Items listed in a dataset:
+ + + + + + +
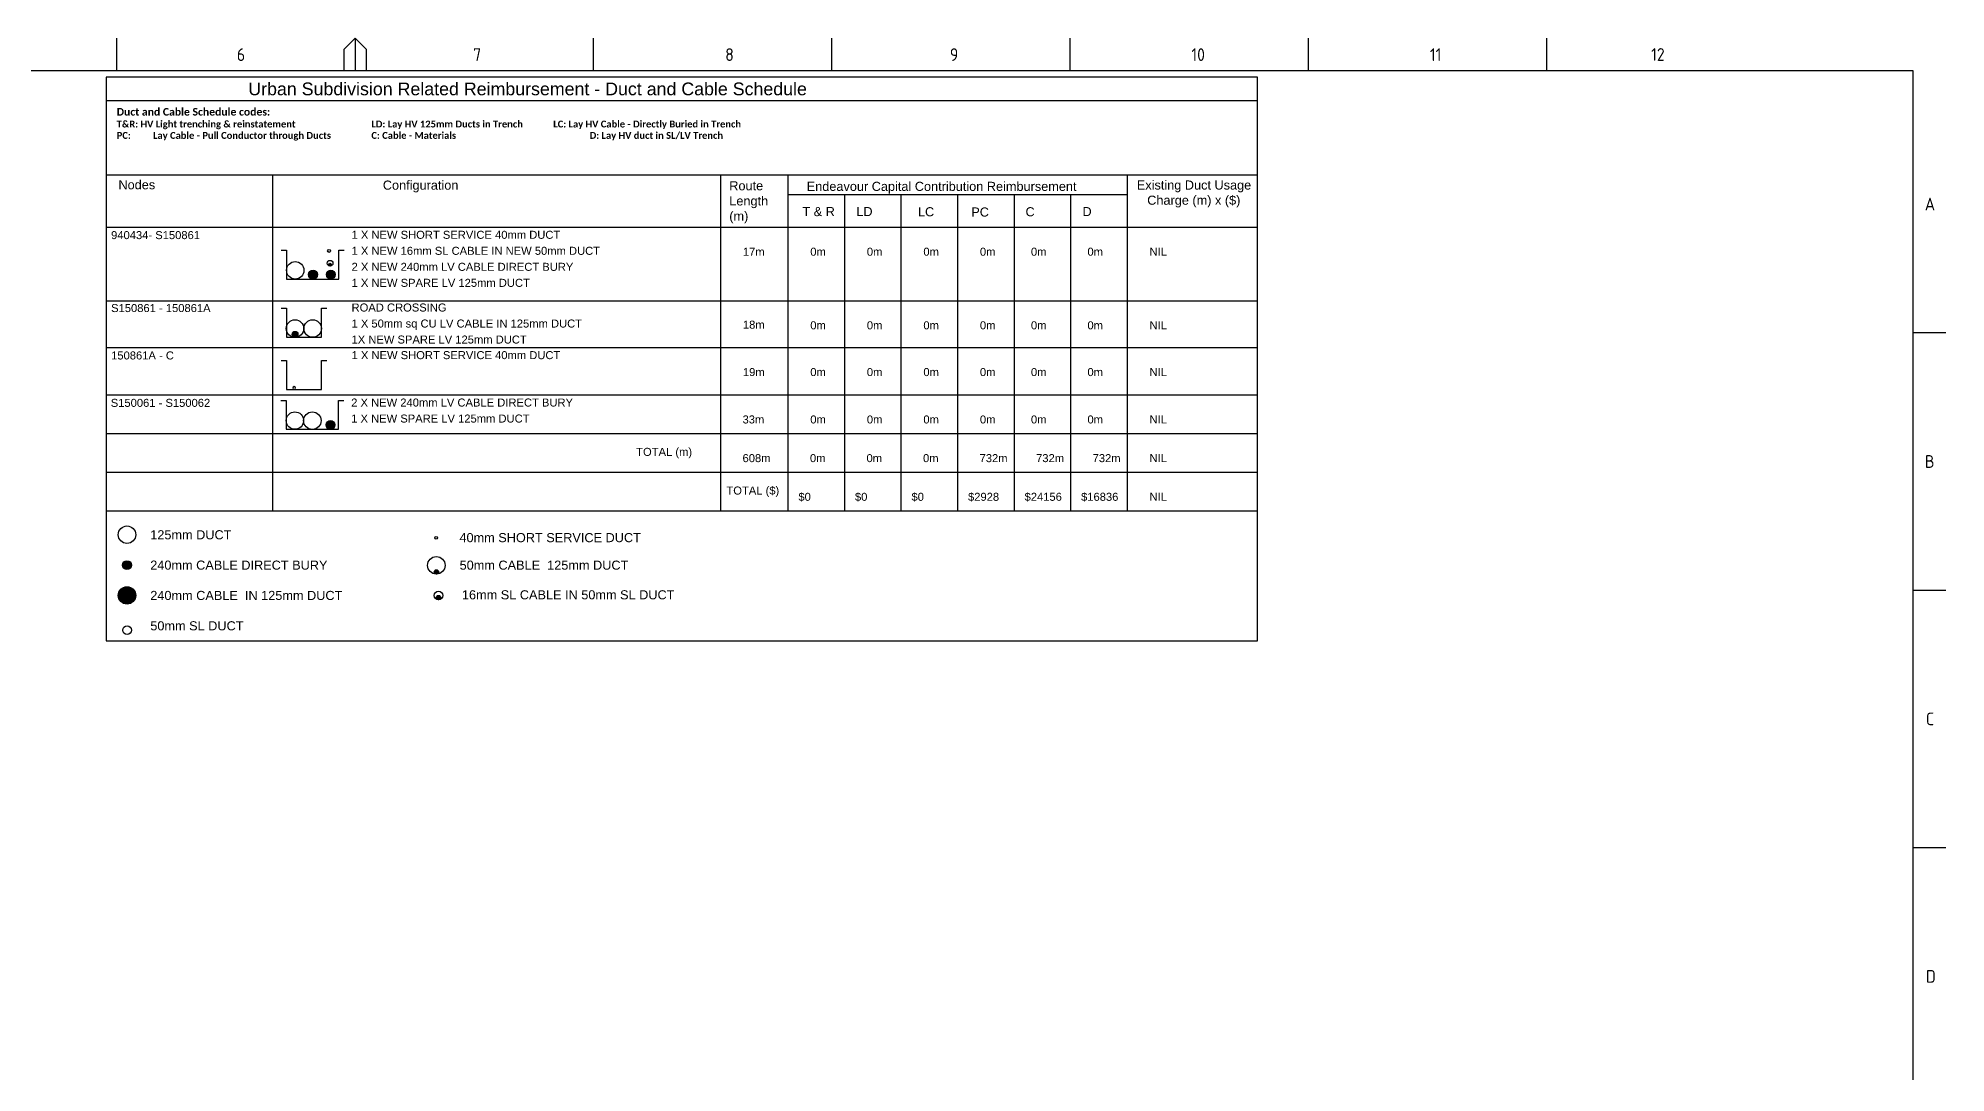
# Paper-space layout 'Duct3' of a CAD drawing. Header units: metres. Extents: x -30 to 845, y -5 to 581.
# Drawn here: x 320 to 845, y 297 to 581 of the extents above; entities that cross this region are included whole.
import ezdxf
from ezdxf.enums import TextEntityAlignment as Align

# ---------------------------------------------------------------- set-up
doc = ezdxf.new("R2010")
doc.units = ezdxf.units.M
doc.linetypes.add('Cable Exist UG', pattern=[8.2, 4, -1.2, 1.8, -1.2])
doc.linetypes.add('IE Trench LV', pattern=[6.5, 5, -1.5])
doc.layers.get('0').update_dxf_attribs({"color": 6})
for name, color, linetype in [('Duct_SP_NEW', 2, 'Continuous'), ('Notes', 7, 'Continuous'), ('SupportsUG_SP_EXT', 7, 'Continuous')]:
    doc.layers.add(name, color=color, linetype=linetype)
doc.styles.add('iecISOCP', font='isocp.shx')
doc.styles.get("Standard").update_dxf_attribs({"font": 'arial.ttf'})

# ---------------------------------------------------------------- blocks, each defined once
blk = doc.blocks.new('A1_FRAME_TITLE')
at = {"layer": 'Notes', "linetype": 'Continuous'}
for p, q in [((351.17, 574.39), (351.17, 583.39)), ((413.67, 580.39), (416.67, 583.39)), ((416.67, 583.39), (416.67, 574.39)), ((416.67, 583.39), (419.67, 580.39)), ((482.19, 574.39), (482.19, 583.39)), ((547.7, 574.39), (547.7, 583.39)), ((613.21, 574.39), (613.21, 583.39)), ((678.72, 574.39), (678.72, 583.39)), ((744.23, 574.39), (744.23, 583.39)), ((413.67, 574.39), (413.67, 580.39)), ((419.67, 580.39), (419.67, 574.39)), ((853.87, 502.43), (844.87, 502.43)), ((844.88, 431.68), (853.87, 431.68)), ((844.87, 360.93), (853.87, 360.93))]:
    blk.add_line(p, q, dxfattribs=at)
at = {"layer": 'Notes', "color": 3, "linetype": 'Continuous'}
blk.add_line((844.88, 5.97), (844.88, 574.39), dxfattribs=at)
at = {"layer": 'Notes', "color": 3, "linetype": 'Continuous', "flags": 128}
blk.add_lwpolyline([(844.88, 574.39), (149.5, 574.39)], dxfattribs=at)
blk.add_attdef('DRAFT_NUM', (9.35, 23.29), '', height=2.5, rotation=90)
at = {"layer": 'Notes', "color": 7, "style": 'iecISOCP'}
for s, p in [('6', (384.13, 577.12)), ('7', (449.08, 577.12)), ('8', (518.36, 577.12)), ('9', (580.11, 577.12)), ('10', (646.5, 577.12)), ('11', (712.06, 577.12)), ('12', (772.87, 577.16)), ('A', (848.09, 536.06)), ('B', (848.09, 465.31)), ('C', (848.39, 394.56)), ('D', (848.39, 323.81))]:
    blk.add_text(s, height=3.5, dxfattribs=at).set_placement(p)
for tag, p in [('CAP_NO', (513.19, 43.46)), ('IE_NUM', (513.05, 37.81)), ('REF_No_1', (335.24, 32.31)), ('REF_1', (362.52, 32.31)), ('GEN_WO', (441.71, 31.76)), ('HV_SWITCH', (513.46, 32.16)), ('REF_No_2', (335.24, 26.31)), ('REF_2', (362.52, 26.31)), ('OH_WO', (441.71, 25.81)), ('UBD_REF', (513.05, 25.83)), ('REF_No_3', (335.24, 20.31)), ('REF_3', (362.52, 20.31)), ('UG_WO', (441.71, 20.05)), ('GIS_MAP_No', (513.05, 20.04)), ('REF_No_4', (335.24, 14.31)), ('REF_4', (362.52, 14.31)), ('SUB_WO', (441.71, 13.81)), ('HV_OP_DIAG', (513.33, 14.2)), ('LGA', (512.95, 7.78))]:
    blk.add_attdef(tag, p, '', height=2.5, dxfattribs=at)
at = {"layer": 'Notes', "style": 'iecISOCP'}
for tag, p in [('T1', (684.37, 39.47)), ('T2', (684.37, 34.35)), ('T3', (684.37, 28.92)), ('T4', (684.37, 23.66)), ('T5', (684.37, 18.23)), ('T6', (684.37, 12.97))]:
    blk.add_attdef(tag, text='', height=3.5, dxfattribs=at).set_placement(p, align=Align.CENTER)
at = {"layer": 'Notes', "color": 7, "style": 'iecISOCP'}
for tag, p in [('scale', (567.76, 33.27)), ('DRAWN', (567.76, 24.93)), ('DATE', (567.76, 16.88)), ('CHD', (567.76, 8.37)), ('DESIGN', (605.62, 9.15))]:
    blk.add_attdef(tag, text='', height=2.5, dxfattribs=at).set_placement(p, align=Align.CENTER)
at = {"layer": 'Notes', "color": 4, "style": 'iecISOCP'}
blk.add_attdef('NUM', text='', height=7, dxfattribs=at).set_placement((812.88, 20.12), align=Align.MIDDLE_CENTER)
at = {"layer": 'Notes', "color": 1, "style": 'iecISOCP'}
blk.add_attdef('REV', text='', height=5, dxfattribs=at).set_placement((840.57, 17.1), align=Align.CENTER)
+ + + + + + +
The task:
Please print the entries shown above again, exactly, and skip the pictures.

Response to this exercise:
# Paper-space layout 'Duct3' of a CAD drawing. Header units: metres. Extents: x -30 to 845, y -5 to 581.
# Drawn here: x 320 to 845, y 297 to 581 of the extents above; entities that cross this region are included whole.
import ezdxf
from ezdxf.enums import TextEntityAlignment as Align

# ---------------------------------------------------------------- set-up
doc = ezdxf.new("R2010")
doc.units = ezdxf.units.M
doc.linetypes.add('Cable Exist UG', pattern=[8.2, 4, -1.2, 1.8, -1.2])
doc.linetypes.add('IE Trench LV', pattern=[6.5, 5, -1.5])
doc.layers.get('0').update_dxf_attribs({"color": 6})
for name, color, linetype in [('Duct_SP_NEW', 2, 'Continuous'), ('Notes', 7, 'Continuous'), ('SupportsUG_SP_EXT', 7, 'Continuous')]:
    doc.layers.add(name, color=color, linetype=linetype)
doc.styles.add('iecISOCP', font='isocp.shx')
doc.styles.get("Standard").update_dxf_attribs({"font": 'arial.ttf'})

# ---------------------------------------------------------------- blocks, each defined once
blk = doc.blocks.new('A1_FRAME_TITLE')
at = {"layer": 'Notes', "linetype": 'Continuous'}
for p, q in [((351.17, 574.39), (351.17, 583.39)), ((413.67, 580.39), (416.67, 583.39)), ((416.67, 583.39), (416.67, 574.39)), ((416.67, 583.39), (419.67, 580.39)), ((482.19, 574.39), (482.19, 583.39)), ((547.7, 574.39), (547.7, 583.39)), ((613.21, 574.39), (613.21, 583.39)), ((678.72, 574.39), (678.72, 583.39)), ((744.23, 574.39), (744.23, 583.39)), ((413.67, 574.39), (413.67, 580.39)), ((419.67, 580.39), (419.67, 574.39)), ((853.87, 502.43), (844.87, 502.43)), ((844.88, 431.68), (853.87, 431.68)), ((844.87, 360.93), (853.87, 360.93))]:
    blk.add_line(p, q, dxfattribs=at)
at = {"layer": 'Notes', "color": 3, "linetype": 'Continuous'}
blk.add_line((844.88, 5.97), (844.88, 574.39), dxfattribs=at)
at = {"layer": 'Notes', "color": 3, "linetype": 'Continuous', "flags": 128}
blk.add_lwpolyline([(844.88, 574.39), (149.5, 574.39)], dxfattribs=at)
blk.add_attdef('DRAFT_NUM', (9.35, 23.29), '', height=2.5, rotation=90)
at = {"layer": 'Notes', "color": 7, "style": 'iecISOCP'}
for s, p in [('6', (384.13, 577.12)), ('7', (449.08, 577.12)), ('8', (518.36, 577.12)), ('9', (580.11, 577.12)), ('10', (646.5, 577.12)), ('11', (712.06, 577.12)), ('12', (772.87, 577.16)), ('A', (848.09, 536.06)), ('B', (848.09, 465.31)), ('C', (848.39, 394.56)), ('D', (848.39, 323.81))]:
    blk.add_text(s, height=3.5, dxfattribs=at).set_placement(p)
for tag, p in [('CAP_NO', (513.19, 43.46)), ('IE_NUM', (513.05, 37.81)), ('REF_No_1', (335.24, 32.31)), ('REF_1', (362.52, 32.31)), ('GEN_WO', (441.71, 31.76)), ('HV_SWITCH', (513.46, 32.16)), ('REF_No_2', (335.24, 26.31)), ('REF_2', (362.52, 26.31)), ('OH_WO', (441.71, 25.81)), ('UBD_REF', (513.05, 25.83)), ('REF_No_3', (335.24, 20.31)), ('REF_3', (362.52, 20.31)), ('UG_WO', (441.71, 20.05)), ('GIS_MAP_No', (513.05, 20.04)), ('REF_No_4', (335.24, 14.31)), ('REF_4', (362.52, 14.31)), ('SUB_WO', (441.71, 13.81)), ('HV_OP_DIAG', (513.33, 14.2)), ('LGA', (512.95, 7.78))]:
    blk.add_attdef(tag, p, '', height=2.5, dxfattribs=at)
at = {"layer": 'Notes', "style": 'iecISOCP'}
for tag, p in [('T1', (684.37, 39.47)), ('T2', (684.37, 34.35)), ('T3', (684.37, 28.92)), ('T4', (684.37, 23.66)), ('T5', (684.37, 18.23)), ('T6', (684.37, 12.97))]:
    blk.add_attdef(tag, text='', height=3.5, dxfattribs=at).set_placement(p, align=Align.CENTER)
at = {"layer": 'Notes', "color": 7, "style": 'iecISOCP'}
for tag, p in [('scale', (567.76, 33.27)), ('DRAWN', (567.76, 24.93)), ('DATE', (567.76, 16.88)), ('CHD', (567.76, 8.37)), ('DESIGN', (605.62, 9.15))]:
    blk.add_attdef(tag, text='', height=2.5, dxfattribs=at).set_placement(p, align=Align.CENTER)
at = {"layer": 'Notes', "color": 4, "style": 'iecISOCP'}
blk.add_attdef('NUM', text='', height=7, dxfattribs=at).set_placement((812.88, 20.12), align=Align.MIDDLE_CENTER)
at = {"layer": 'Notes', "color": 1, "style": 'iecISOCP'}
blk.add_attdef('REV', text='', height=5, dxfattribs=at).set_placement((840.57, 17.1), align=Align.CENTER)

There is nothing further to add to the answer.